WHAT YOU WILL DO =
A verbatim copy of the lines starting at the one with "The agreement refers" and ending at the last line below is required; include nothing else.

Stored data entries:
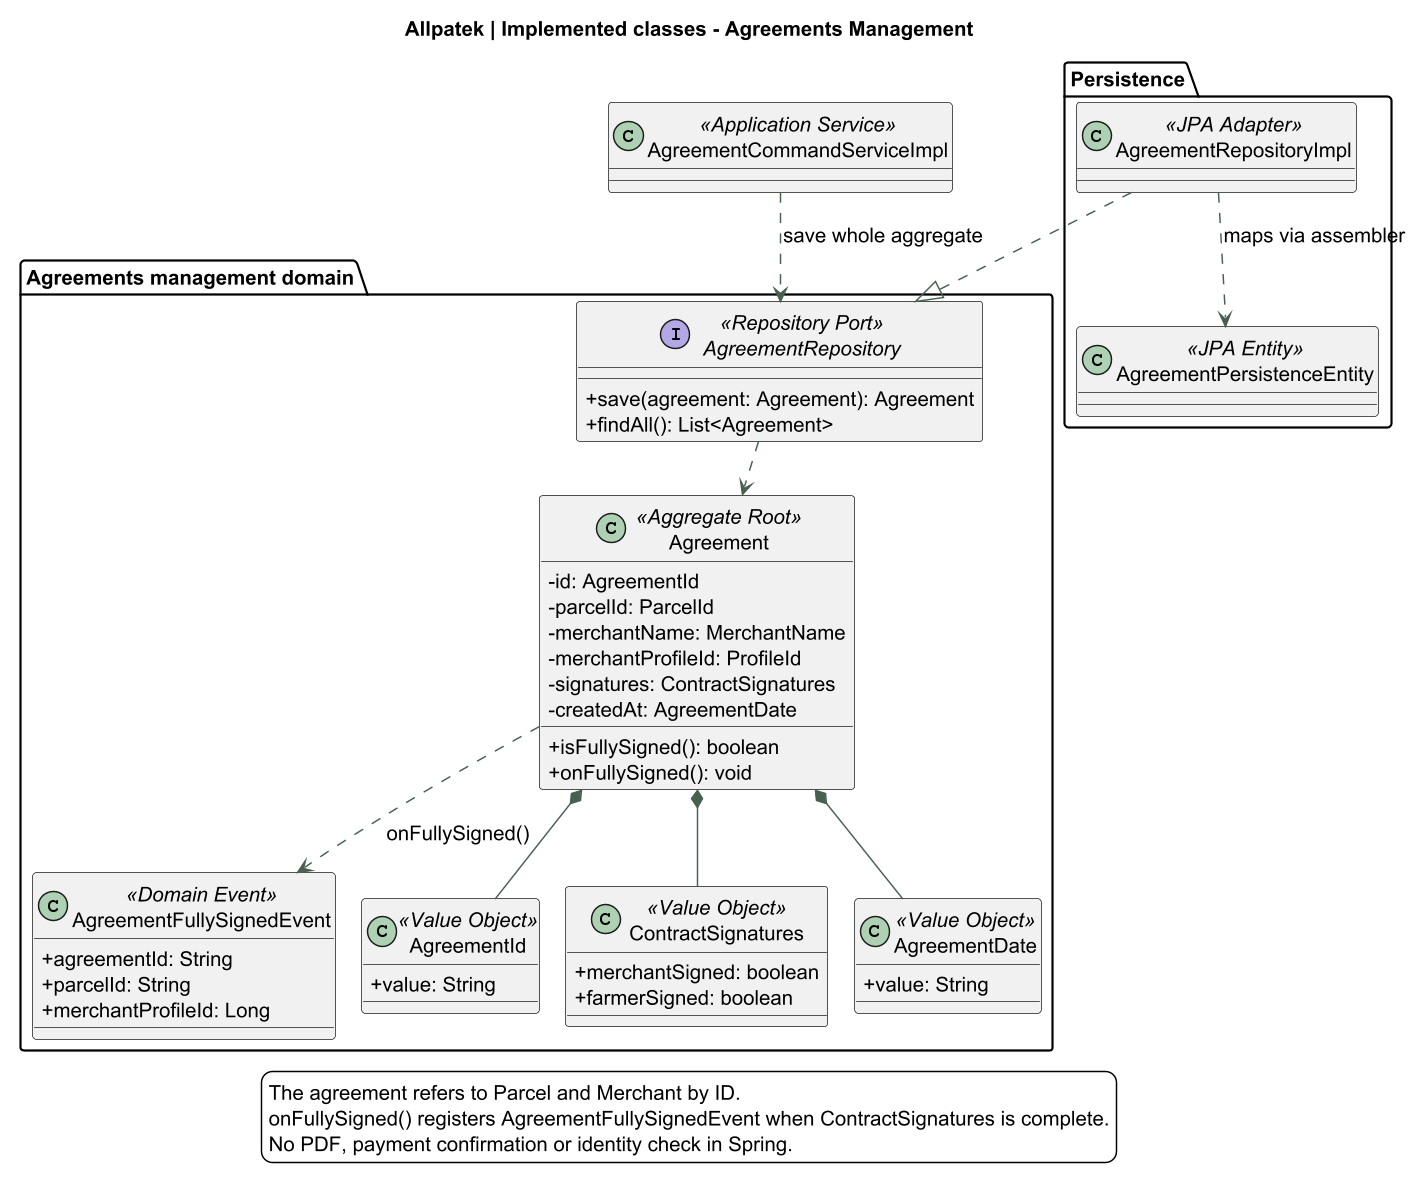

The diagram above was rendered by PlantUML. Its source (embedded in the PNG):
@startuml
!pragma layout smetana
skinparam backgroundColor white
skinparam defaultFontName SansSerif
skinparam defaultFontSize 14
skinparam shadowing false
skinparam classAttributeIconSize 0
skinparam ArrowColor #476050
skinparam dpi 140
title Allpatek | Implemented classes - Agreements Management
top to bottom direction

package "Agreements management domain" {
  class Agreement <<Aggregate Root>> {
    -id: AgreementId
    -parcelId: ParcelId
    -merchantName: MerchantName
    -merchantProfileId: ProfileId
    -signatures: ContractSignatures
    -createdAt: AgreementDate
    +isFullySigned(): boolean
    +onFullySigned(): void
  }

  class AgreementFullySignedEvent <<Domain Event>> {
    +agreementId: String
    +parcelId: String
    +merchantProfileId: Long
  }

  class AgreementId <<Value Object>> {
    +value: String
  }

  class ContractSignatures <<Value Object>> {
    +merchantSigned: boolean
    +farmerSigned: boolean
  }

  class AgreementDate <<Value Object>> {
    +value: String
  }

  interface AgreementRepository <<Repository Port>> {
    +save(agreement: Agreement): Agreement
    +findAll(): List<Agreement>
  }

  Agreement *-- AgreementId
  Agreement *-- ContractSignatures
  Agreement *-- AgreementDate
  Agreement ..> AgreementFullySignedEvent : onFullySigned()
  AgreementRepository ..> Agreement
}

class AgreementCommandServiceImpl <<Application Service>>
AgreementCommandServiceImpl ..> AgreementRepository : save whole aggregate

package "Persistence" {
  class AgreementRepositoryImpl <<JPA Adapter>>
  class AgreementPersistenceEntity <<JPA Entity>>

  AgreementRepositoryImpl ..> AgreementPersistenceEntity : maps via assembler
}
AgreementRepositoryImpl ..|> AgreementRepository

legend bottom
The agreement refers to Parcel and Merchant by ID.
onFullySigned() registers AgreementFullySignedEvent when ContractSignatures is complete.
No PDF, payment confirmation or identity check in Spring.
endlegend
@enduml

WRITTEN RESPONSE =
The agreement refers to Parcel and Merchant by ID.
onFullySigned() registers AgreementFullySignedEvent when ContractSignatures is complete.
No PDF, payment confirmation or identity check in Spring.
endlegend
@enduml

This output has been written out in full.